老板凑过来收碗,问我昨晚睡好了没。我点点头。她顺手把桌上的粥勺舔了一下——南方口音,我问她这家店开了几年了。她把碗摞起来,想了想:

“十年了吧。当初白佛客运站刚搬过来那阵子开的。你看那楼梯拐角的墙皮,还是当年刮的腻子。”她顿了顿,“换了多少拨住客,数不清喽。昨天那大哥,做桥架安装的,一个月来两回。”

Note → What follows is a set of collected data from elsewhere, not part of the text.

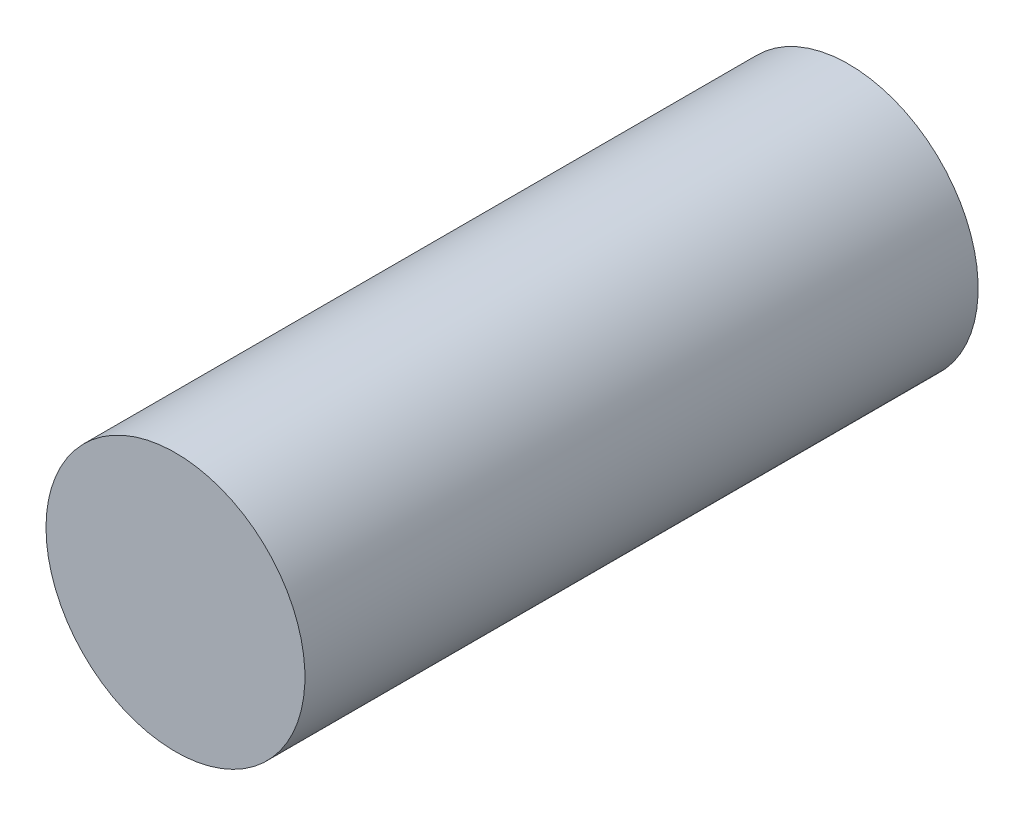
ISO-10303-21;
HEADER;
FILE_DESCRIPTION(('STEP AP214'),'2;1');
FILE_NAME('part.step','',(''),(''),'','','');
FILE_SCHEMA(('AUTOMOTIVE_DESIGN { 1 0 10303 214 1 1 1 1 }'));
ENDSEC;
DATA;
#1=APPLICATION_CONTEXT('core data for automotive mechanical design processes');
#2=APPLICATION_PROTOCOL_DEFINITION('international standard','automotive_design',2000,#1);
#3=PRODUCT_CONTEXT('',#1,'mechanical');
#4=PRODUCT('Part','Part','',(#3));
#5=PRODUCT_RELATED_PRODUCT_CATEGORY('part','',(#4));
#6=PRODUCT_DEFINITION_FORMATION('','',#4);
#7=PRODUCT_DEFINITION_CONTEXT('part definition',#1,'design');
#8=PRODUCT_DEFINITION('design','',#6,#7);
#9=PRODUCT_DEFINITION_SHAPE('','',#8);
#10=(LENGTH_UNIT() NAMED_UNIT(*) SI_UNIT(.MILLI.,.METRE.));
#11=(NAMED_UNIT(*) PLANE_ANGLE_UNIT() SI_UNIT($,.RADIAN.));
#12=(NAMED_UNIT(*) SI_UNIT($,.STERADIAN.) SOLID_ANGLE_UNIT());
#13=UNCERTAINTY_MEASURE_WITH_UNIT(LENGTH_MEASURE(1.E-05),#10,'distance_accuracy_value','');
#14=(GEOMETRIC_REPRESENTATION_CONTEXT(3) GLOBAL_UNCERTAINTY_ASSIGNED_CONTEXT((#13)) GLOBAL_UNIT_ASSIGNED_CONTEXT((#10,
#11,#12)) REPRESENTATION_CONTEXT('',''));
#15=CARTESIAN_POINT('',(0.,0.,0.));
#16=DIRECTION('',(0.,0.,1.));
#17=DIRECTION('',(1.,0.,0.));
#18=AXIS2_PLACEMENT_3D('',#15,#16,#17);
#19=CARTESIAN_POINT('',(0.,0.,13.));
#20=DIRECTION('',(0.,0.,-1.));
#21=DIRECTION('',(-1.,0.,0.));
#22=AXIS2_PLACEMENT_3D('',#19,#20,#21);
#23=CYLINDRICAL_SURFACE('',#22,2.5);
#24=CARTESIAN_POINT('',(0.,0.,13.));
#25=DIRECTION('',(0.,0.,1.));
#26=DIRECTION('',(1.,0.,0.));
#27=AXIS2_PLACEMENT_3D('',#24,#25,#26);
#28=CIRCLE('',#27,2.5);
#29=CARTESIAN_POINT('',(-2.5,0.,13.));
#30=VERTEX_POINT('',#29);
#31=EDGE_CURVE('E10',#30,#30,#28,.T.);
#32=CARTESIAN_POINT('',(0.,0.,0.));
#33=DIRECTION('',(0.,0.,1.));
#34=DIRECTION('',(1.,0.,0.));
#35=AXIS2_PLACEMENT_3D('',#32,#33,#34);
#36=CIRCLE('',#35,2.5);
#37=CARTESIAN_POINT('',(-2.5,0.,0.));
#38=VERTEX_POINT('',#37);
#39=EDGE_CURVE('E42',#38,#38,#36,.T.);
#40=CARTESIAN_POINT('',(-2.5,0.,13.));
#41=CARTESIAN_POINT('',(-2.5,0.,12.8645833333333));
#42=CARTESIAN_POINT('',(-2.5,0.,12.7291666666667));
#43=CARTESIAN_POINT('',(-2.5,0.,12.4583333333333));
#44=CARTESIAN_POINT('',(-2.5,0.,12.3229166666667));
#45=CARTESIAN_POINT('',(-2.5,0.,12.0520833333333));
#46=CARTESIAN_POINT('',(-2.5,0.,11.9166666666667));
#47=CARTESIAN_POINT('',(-2.5,0.,11.6458333333333));
#48=CARTESIAN_POINT('',(-2.5,0.,11.5104166666667));
#49=CARTESIAN_POINT('',(-2.5,0.,11.2395833333333));
#50=CARTESIAN_POINT('',(-2.5,0.,11.1041666666667));
#51=CARTESIAN_POINT('',(-2.5,0.,10.8333333333333));
#52=CARTESIAN_POINT('',(-2.5,0.,10.6979166666667));
#53=CARTESIAN_POINT('',(-2.5,0.,10.4270833333333));
#54=CARTESIAN_POINT('',(-2.5,0.,10.2916666666667));
#55=CARTESIAN_POINT('',(-2.5,0.,10.0208333333333));
#56=CARTESIAN_POINT('',(-2.5,0.,9.88541666666667));
#57=CARTESIAN_POINT('',(-2.5,0.,9.61458333333333));
#58=CARTESIAN_POINT('',(-2.5,0.,9.47916666666667));
#59=CARTESIAN_POINT('',(-2.5,0.,9.20833333333333));
#60=CARTESIAN_POINT('',(-2.5,0.,9.07291666666667));
#61=CARTESIAN_POINT('',(-2.5,0.,8.80208333333333));
#62=CARTESIAN_POINT('',(-2.5,0.,8.66666666666667));
#63=CARTESIAN_POINT('',(-2.5,0.,8.39583333333333));
#64=CARTESIAN_POINT('',(-2.5,0.,8.26041666666667));
#65=CARTESIAN_POINT('',(-2.5,0.,7.98958333333333));
#66=CARTESIAN_POINT('',(-2.5,0.,7.85416666666667));
#67=CARTESIAN_POINT('',(-2.5,0.,7.58333333333333));
#68=CARTESIAN_POINT('',(-2.5,0.,7.44791666666667));
#69=CARTESIAN_POINT('',(-2.5,0.,7.17708333333333));
#70=CARTESIAN_POINT('',(-2.5,0.,7.04166666666667));
#71=CARTESIAN_POINT('',(-2.5,0.,6.77083333333333));
#72=CARTESIAN_POINT('',(-2.5,0.,6.63541666666667));
#73=CARTESIAN_POINT('',(-2.5,0.,6.36458333333333));
#74=CARTESIAN_POINT('',(-2.5,0.,6.22916666666667));
#75=CARTESIAN_POINT('',(-2.5,0.,5.95833333333333));
#76=CARTESIAN_POINT('',(-2.5,0.,5.82291666666667));
#77=CARTESIAN_POINT('',(-2.5,0.,5.55208333333333));
#78=CARTESIAN_POINT('',(-2.5,0.,5.41666666666667));
#79=CARTESIAN_POINT('',(-2.5,0.,5.14583333333333));
#80=CARTESIAN_POINT('',(-2.5,0.,5.01041666666667));
#81=CARTESIAN_POINT('',(-2.5,0.,4.73958333333333));
#82=CARTESIAN_POINT('',(-2.5,0.,4.60416666666667));
#83=CARTESIAN_POINT('',(-2.5,0.,4.33333333333333));
#84=CARTESIAN_POINT('',(-2.5,0.,4.19791666666667));
#85=CARTESIAN_POINT('',(-2.5,0.,3.92708333333333));
#86=CARTESIAN_POINT('',(-2.5,0.,3.79166666666667));
#87=CARTESIAN_POINT('',(-2.5,0.,3.52083333333333));
#88=CARTESIAN_POINT('',(-2.5,0.,3.38541666666667));
#89=CARTESIAN_POINT('',(-2.5,0.,3.11458333333333));
#90=CARTESIAN_POINT('',(-2.5,0.,2.97916666666667));
#91=CARTESIAN_POINT('',(-2.5,0.,2.70833333333333));
#92=CARTESIAN_POINT('',(-2.5,0.,2.57291666666667));
#93=CARTESIAN_POINT('',(-2.5,0.,2.30208333333333));
#94=CARTESIAN_POINT('',(-2.5,0.,2.16666666666667));
#95=CARTESIAN_POINT('',(-2.5,0.,1.89583333333333));
#96=CARTESIAN_POINT('',(-2.5,0.,1.76041666666667));
#97=CARTESIAN_POINT('',(-2.5,0.,1.48958333333333));
#98=CARTESIAN_POINT('',(-2.5,0.,1.35416666666667));
#99=CARTESIAN_POINT('',(-2.5,0.,1.08333333333333));
#100=CARTESIAN_POINT('',(-2.5,0.,0.947916666666667));
#101=CARTESIAN_POINT('',(-2.5,0.,0.677083333333334));
#102=CARTESIAN_POINT('',(-2.5,0.,0.541666666666667));
#103=CARTESIAN_POINT('',(-2.5,0.,0.270833333333334));
#104=CARTESIAN_POINT('',(-2.5,0.,0.135416666666667));
#105=CARTESIAN_POINT('',(-2.5,0.,0.));
#106=B_SPLINE_CURVE_WITH_KNOTS('',3,(#40,#41,#42,#43,#44,#45,#46,#47,#48,#49,#50,#51,#52,#53,
#54,#55,#56,#57,#58,#59,#60,#61,#62,#63,#64,#65,#66,#67,#68,#69,#70,#71,#72,#73,#74,#75,#76,#77,
#78,#79,#80,#81,#82,#83,#84,#85,#86,#87,#88,#89,#90,#91,#92,#93,#94,#95,#96,#97,#98,#99,#100,
#101,#102,#103,#104,#105),.UNSPECIFIED.,.F.,.F.,(4,2,2,2,2,2,2,2,2,2,2,2,2,2,2,2,2,2,2,2,2,2,2,
2,2,2,2,2,2,2,2,2,4),(0.,0.406249999999999,0.812499999999999,1.21875,1.625,2.03125,2.4375,
2.84375,3.25,3.65625,4.0625,4.46875,4.875,5.28125,5.6875,6.09375,6.5,6.90625,7.3125,7.71875,
8.125,8.53125,8.9375,9.34375,9.75,10.15625,10.5625,10.96875,11.375,11.78125,12.1875,12.59375,
13.),.UNSPECIFIED.);
#107=EDGE_CURVE('BSEAM39',#30,#38,#106,.T.);
#108=ORIENTED_EDGE('',*,*,#31,.F.);
#109=ORIENTED_EDGE('',*,*,#39,.T.);
#110=ORIENTED_EDGE('',*,*,#107,.T.);
#111=ORIENTED_EDGE('',*,*,#107,.F.);
#112=EDGE_LOOP('',(#108,#110,#109,#111));
#113=FACE_BOUND('',#112,.T.);
#114=ADVANCED_FACE('F39',(#113),#23,.T.);
#115=CARTESIAN_POINT('',(0.,0.,13.));
#116=DIRECTION('',(0.,0.,1.));
#117=DIRECTION('',(1.,0.,0.));
#118=AXIS2_PLACEMENT_3D('',#115,#116,#117);
#119=PLANE('',#118);
#120=ORIENTED_EDGE('',*,*,#31,.T.);
#121=EDGE_LOOP('',(#120));
#122=FACE_BOUND('',#121,.T.);
#123=ADVANCED_FACE('F54',(#122),#119,.T.);
#124=CARTESIAN_POINT('',(0.,0.,0.));
#125=DIRECTION('',(0.,0.,1.));
#126=DIRECTION('',(1.,0.,0.));
#127=AXIS2_PLACEMENT_3D('',#124,#125,#126);
#128=PLANE('',#127);
#129=ORIENTED_EDGE('',*,*,#39,.F.);
#130=EDGE_LOOP('',(#129));
#131=FACE_BOUND('',#130,.T.);
#132=ADVANCED_FACE('F52',(#131),#128,.F.);
#133=CLOSED_SHELL('',(#114,#123,#132));
#134=MANIFOLD_SOLID_BREP('B2',#133);
#135=ADVANCED_BREP_SHAPE_REPRESENTATION('',(#18,#134),#14);
#136=SHAPE_DEFINITION_REPRESENTATION(#9,#135);
ENDSEC;
END-ISO-10303-21;

我吃完把盘子送回去,出来的时候,太阳已经高了些,把“鑫鑫宾馆”那几个蓝字照得发亮。门口的那棵槐树底下落了一地的小黄花,扫地的大姐正拿长柄扫帚把花往水篦子里赶。我沿着昨晚来的路往回走,经过安顺旅馆门口,那个前台白背心男人正蹲在台阶上吃油条,一手抓着碗豆腐脑。他抬头看见我,没说话,弯了弯嘴角,又低头吃。走过去几十米远了,我还能听见他吸溜豆腐脑的声响,混着槐树上面麻雀的扑腾声。